— GOAL OF THE EXERCISE —
Take every line from the listing below that includes "color" and copy it.

_ _ _ _

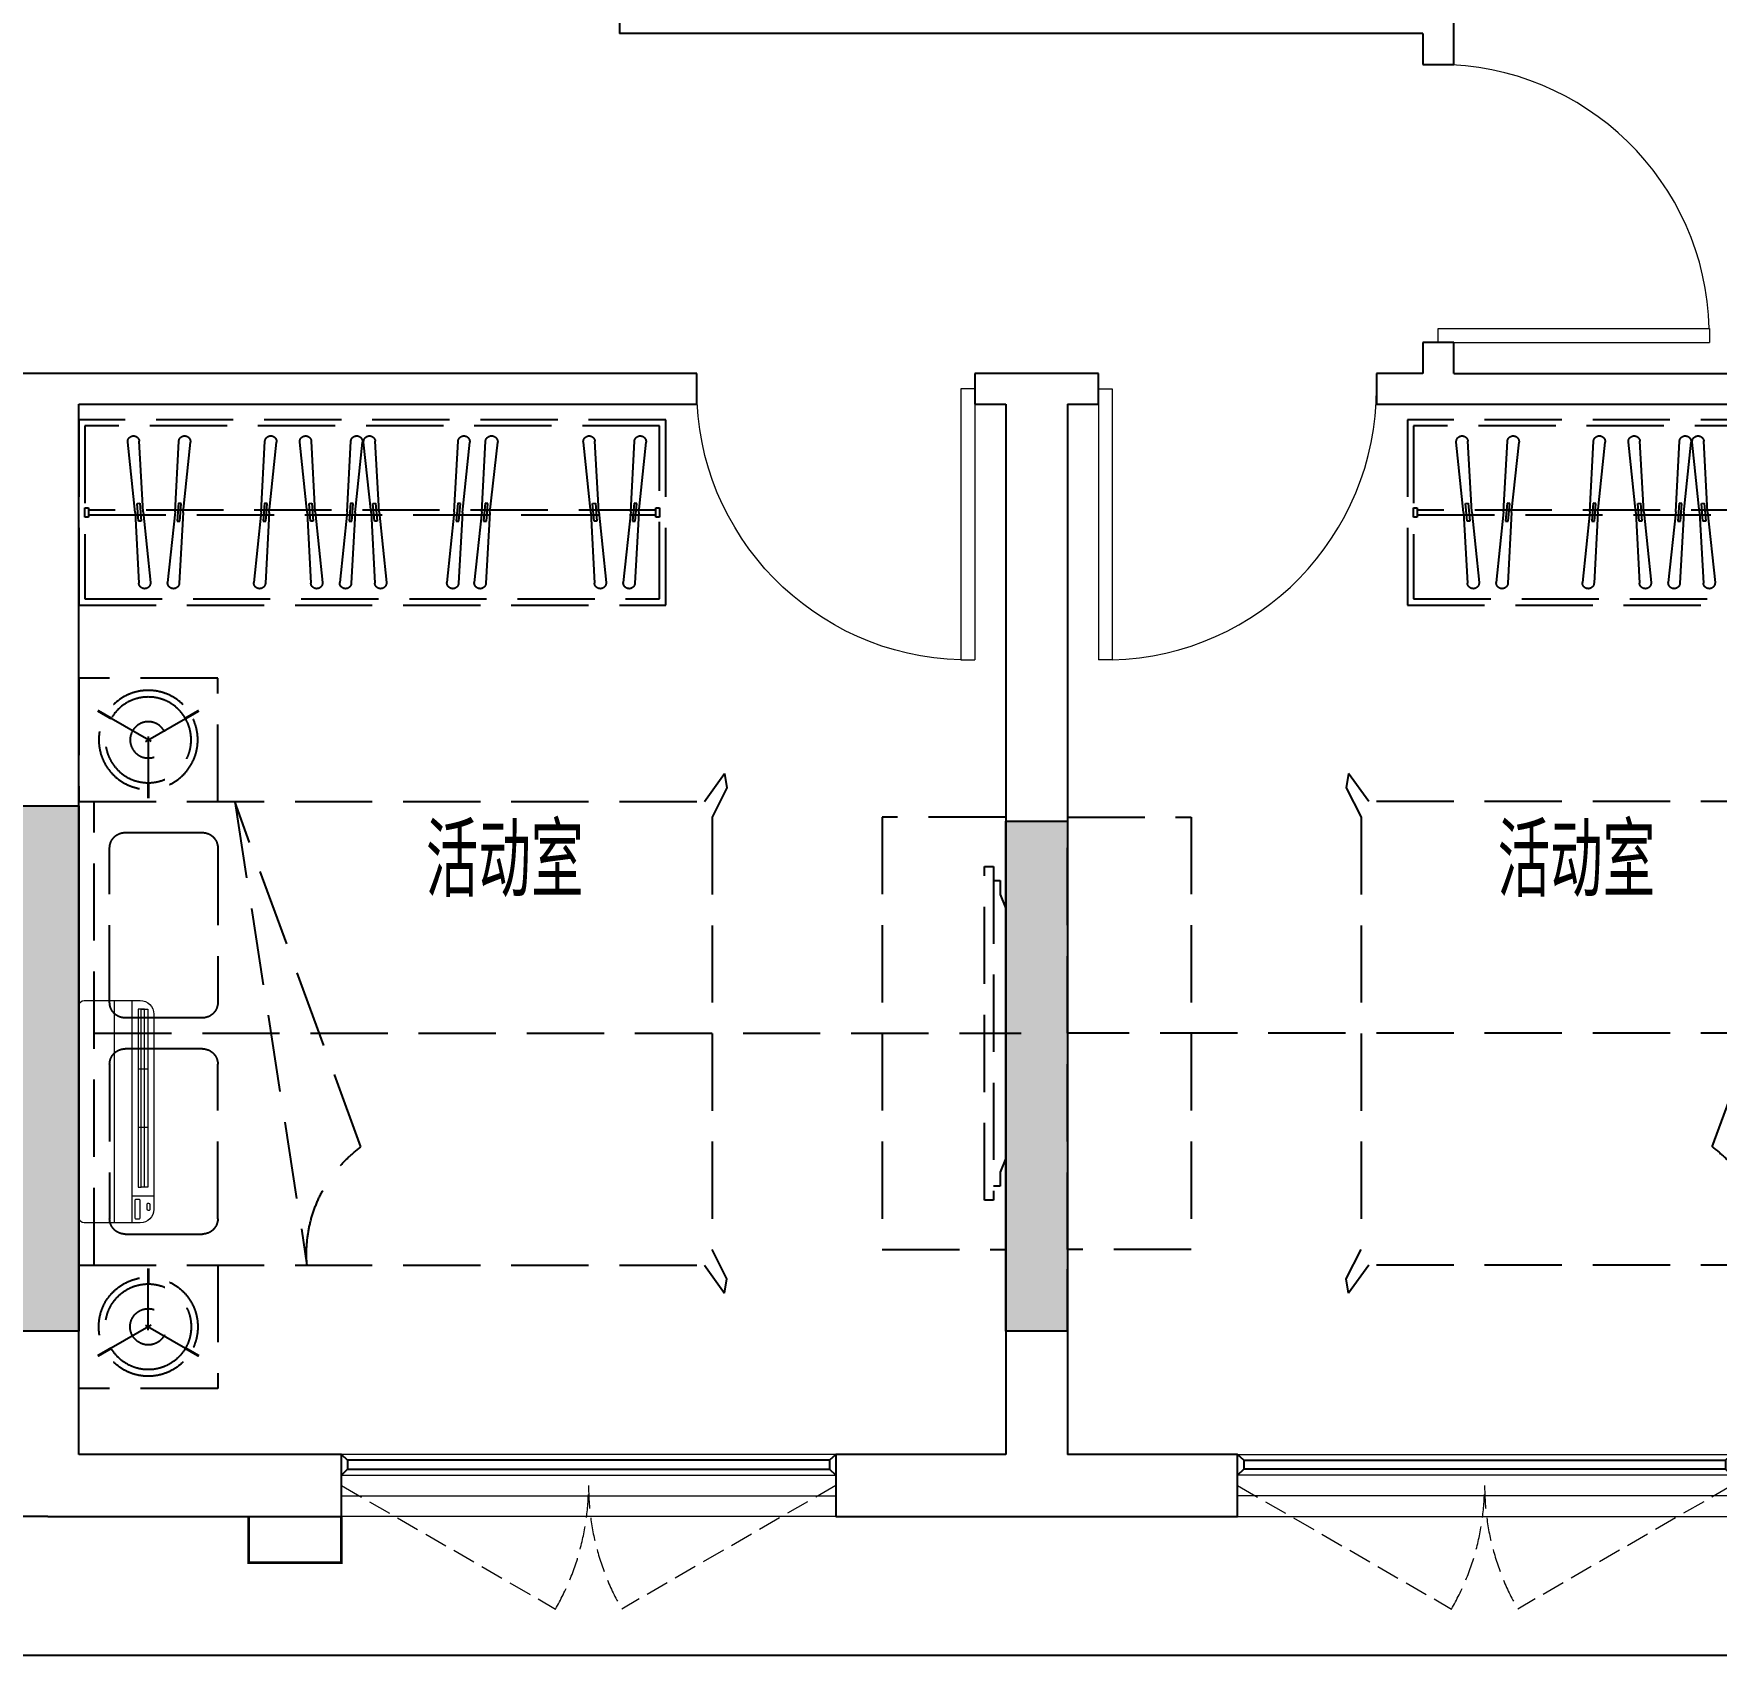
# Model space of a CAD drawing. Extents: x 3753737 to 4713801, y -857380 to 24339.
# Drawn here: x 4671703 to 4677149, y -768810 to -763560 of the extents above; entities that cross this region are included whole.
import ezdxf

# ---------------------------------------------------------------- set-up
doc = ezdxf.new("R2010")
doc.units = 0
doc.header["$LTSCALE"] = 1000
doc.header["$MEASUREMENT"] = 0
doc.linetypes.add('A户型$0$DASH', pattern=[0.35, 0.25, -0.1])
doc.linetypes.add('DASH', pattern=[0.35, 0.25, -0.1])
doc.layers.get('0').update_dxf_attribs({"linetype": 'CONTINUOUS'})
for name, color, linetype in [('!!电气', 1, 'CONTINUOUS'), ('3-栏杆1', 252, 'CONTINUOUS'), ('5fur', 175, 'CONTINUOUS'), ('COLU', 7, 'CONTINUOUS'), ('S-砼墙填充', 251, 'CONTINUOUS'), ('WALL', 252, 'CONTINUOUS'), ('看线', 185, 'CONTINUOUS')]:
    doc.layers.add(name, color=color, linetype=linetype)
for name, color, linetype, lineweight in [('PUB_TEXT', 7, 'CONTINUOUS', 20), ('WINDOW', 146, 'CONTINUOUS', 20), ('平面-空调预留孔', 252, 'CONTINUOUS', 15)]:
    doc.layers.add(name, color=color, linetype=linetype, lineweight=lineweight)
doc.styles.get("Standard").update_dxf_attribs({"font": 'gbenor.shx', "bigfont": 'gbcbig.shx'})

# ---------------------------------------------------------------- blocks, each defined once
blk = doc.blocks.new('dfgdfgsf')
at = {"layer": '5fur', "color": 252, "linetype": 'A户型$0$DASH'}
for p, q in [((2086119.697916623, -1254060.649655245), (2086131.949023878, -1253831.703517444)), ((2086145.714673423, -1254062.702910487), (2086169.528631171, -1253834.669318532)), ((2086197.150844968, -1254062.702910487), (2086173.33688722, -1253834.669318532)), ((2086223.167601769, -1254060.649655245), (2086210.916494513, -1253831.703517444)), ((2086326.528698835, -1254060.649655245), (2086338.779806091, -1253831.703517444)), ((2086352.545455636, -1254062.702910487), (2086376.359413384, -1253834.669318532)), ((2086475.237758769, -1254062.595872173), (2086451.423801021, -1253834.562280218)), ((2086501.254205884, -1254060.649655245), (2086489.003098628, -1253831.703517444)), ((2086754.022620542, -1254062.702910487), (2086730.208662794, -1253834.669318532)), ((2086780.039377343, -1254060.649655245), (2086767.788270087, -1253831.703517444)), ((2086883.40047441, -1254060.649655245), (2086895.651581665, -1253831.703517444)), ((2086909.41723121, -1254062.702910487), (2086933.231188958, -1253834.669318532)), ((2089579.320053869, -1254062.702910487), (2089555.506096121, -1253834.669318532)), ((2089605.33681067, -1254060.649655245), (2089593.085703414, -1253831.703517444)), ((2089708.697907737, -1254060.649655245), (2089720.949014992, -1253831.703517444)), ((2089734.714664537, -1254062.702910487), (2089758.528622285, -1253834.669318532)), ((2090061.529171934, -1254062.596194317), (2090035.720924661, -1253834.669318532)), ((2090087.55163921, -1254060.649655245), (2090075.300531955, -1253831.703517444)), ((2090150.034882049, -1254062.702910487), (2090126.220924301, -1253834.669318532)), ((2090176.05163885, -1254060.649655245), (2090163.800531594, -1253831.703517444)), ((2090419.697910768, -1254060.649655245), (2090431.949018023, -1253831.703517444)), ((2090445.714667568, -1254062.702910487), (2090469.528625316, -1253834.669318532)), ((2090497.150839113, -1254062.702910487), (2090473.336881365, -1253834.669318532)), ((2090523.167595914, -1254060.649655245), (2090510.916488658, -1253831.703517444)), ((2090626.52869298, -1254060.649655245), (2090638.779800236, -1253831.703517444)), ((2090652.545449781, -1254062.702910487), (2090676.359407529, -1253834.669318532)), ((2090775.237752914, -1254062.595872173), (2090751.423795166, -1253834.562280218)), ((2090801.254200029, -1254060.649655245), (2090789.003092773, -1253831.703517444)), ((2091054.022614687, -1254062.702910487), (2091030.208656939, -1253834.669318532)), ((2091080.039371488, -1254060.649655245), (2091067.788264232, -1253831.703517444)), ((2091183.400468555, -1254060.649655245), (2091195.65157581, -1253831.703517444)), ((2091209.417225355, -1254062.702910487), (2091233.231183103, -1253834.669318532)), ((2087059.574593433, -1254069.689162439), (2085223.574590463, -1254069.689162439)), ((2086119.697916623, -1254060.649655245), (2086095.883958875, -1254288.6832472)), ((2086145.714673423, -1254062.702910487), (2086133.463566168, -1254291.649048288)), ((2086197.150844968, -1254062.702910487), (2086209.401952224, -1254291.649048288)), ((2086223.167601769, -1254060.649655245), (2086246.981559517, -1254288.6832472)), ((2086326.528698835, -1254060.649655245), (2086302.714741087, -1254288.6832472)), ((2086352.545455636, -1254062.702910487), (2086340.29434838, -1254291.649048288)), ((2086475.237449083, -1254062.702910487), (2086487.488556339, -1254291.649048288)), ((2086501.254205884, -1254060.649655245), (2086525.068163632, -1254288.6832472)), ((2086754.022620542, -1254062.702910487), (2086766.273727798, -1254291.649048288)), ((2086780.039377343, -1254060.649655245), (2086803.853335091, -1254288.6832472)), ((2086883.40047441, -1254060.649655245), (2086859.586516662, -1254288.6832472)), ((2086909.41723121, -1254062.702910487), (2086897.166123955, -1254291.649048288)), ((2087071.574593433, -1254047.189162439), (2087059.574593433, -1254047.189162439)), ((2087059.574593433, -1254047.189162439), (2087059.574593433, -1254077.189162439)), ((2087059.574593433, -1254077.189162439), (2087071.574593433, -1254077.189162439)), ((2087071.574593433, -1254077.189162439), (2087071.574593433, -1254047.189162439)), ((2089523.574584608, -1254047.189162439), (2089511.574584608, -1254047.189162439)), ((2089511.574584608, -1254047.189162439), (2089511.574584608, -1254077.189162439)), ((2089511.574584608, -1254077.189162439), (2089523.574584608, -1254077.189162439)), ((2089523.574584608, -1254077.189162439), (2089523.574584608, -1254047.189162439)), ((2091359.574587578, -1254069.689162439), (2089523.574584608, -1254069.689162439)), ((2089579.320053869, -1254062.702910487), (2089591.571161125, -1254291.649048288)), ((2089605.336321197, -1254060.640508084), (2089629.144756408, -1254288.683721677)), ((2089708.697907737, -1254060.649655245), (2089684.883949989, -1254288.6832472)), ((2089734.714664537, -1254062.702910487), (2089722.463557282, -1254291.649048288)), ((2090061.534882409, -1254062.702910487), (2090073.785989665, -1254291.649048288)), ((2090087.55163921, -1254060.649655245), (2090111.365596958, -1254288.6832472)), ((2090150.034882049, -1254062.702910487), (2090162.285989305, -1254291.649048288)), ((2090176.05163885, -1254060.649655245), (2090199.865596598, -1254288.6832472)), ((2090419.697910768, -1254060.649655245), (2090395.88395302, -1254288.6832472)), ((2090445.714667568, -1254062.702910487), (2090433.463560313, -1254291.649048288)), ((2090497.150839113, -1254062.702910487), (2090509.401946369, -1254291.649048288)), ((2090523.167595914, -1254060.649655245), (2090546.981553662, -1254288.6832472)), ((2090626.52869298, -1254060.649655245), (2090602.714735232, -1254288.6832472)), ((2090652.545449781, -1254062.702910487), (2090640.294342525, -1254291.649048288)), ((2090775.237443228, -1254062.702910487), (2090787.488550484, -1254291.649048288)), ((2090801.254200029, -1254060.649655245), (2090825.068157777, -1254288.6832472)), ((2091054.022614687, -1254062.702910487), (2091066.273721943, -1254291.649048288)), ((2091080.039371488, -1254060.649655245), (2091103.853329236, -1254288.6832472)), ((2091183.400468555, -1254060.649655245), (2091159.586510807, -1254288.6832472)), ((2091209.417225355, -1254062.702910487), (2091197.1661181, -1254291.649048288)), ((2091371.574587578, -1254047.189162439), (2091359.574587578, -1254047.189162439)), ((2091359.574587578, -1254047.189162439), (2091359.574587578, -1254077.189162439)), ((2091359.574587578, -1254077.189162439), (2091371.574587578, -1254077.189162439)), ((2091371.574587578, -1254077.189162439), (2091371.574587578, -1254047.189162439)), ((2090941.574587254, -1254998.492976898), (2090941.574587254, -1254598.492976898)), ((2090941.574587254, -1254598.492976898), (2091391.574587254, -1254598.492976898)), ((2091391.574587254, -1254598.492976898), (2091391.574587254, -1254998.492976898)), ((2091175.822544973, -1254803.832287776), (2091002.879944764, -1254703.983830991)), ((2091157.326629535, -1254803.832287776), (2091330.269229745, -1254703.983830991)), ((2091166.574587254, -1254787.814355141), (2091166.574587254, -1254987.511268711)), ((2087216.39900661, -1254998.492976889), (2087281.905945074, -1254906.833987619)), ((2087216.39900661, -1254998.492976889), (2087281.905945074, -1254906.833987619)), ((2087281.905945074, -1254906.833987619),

_ _ _ _

— RESULT OF THE EXERCISE —
for name, color, linetype in [('!!电气', 1, 'CONTINUOUS'), ('3-栏杆1', 252, 'CONTINUOUS'), ('5fur', 175, 'CONTINUOUS'), ('COLU', 7, 'CONTINUOUS'), ('S-砼墙填充', 251, 'CONTINUOUS'), ('WALL', 252, 'CONTINUOUS'), ('看线', 185, 'CONTINUOUS')]:
    doc.layers.add(name, color=color, linetype=linetype)
for name, color, linetype, lineweight in [('PUB_TEXT', 7, 'CONTINUOUS', 20), ('WINDOW', 146, 'CONTINUOUS', 20), ('平面-空调预留孔', 252, 'CONTINUOUS', 15)]:
    doc.layers.add(name, color=color, linetype=linetype, lineweight=lineweight)
at = {"layer": '5fur', "color": 252, "linetype": 'A户型$0$DASH'}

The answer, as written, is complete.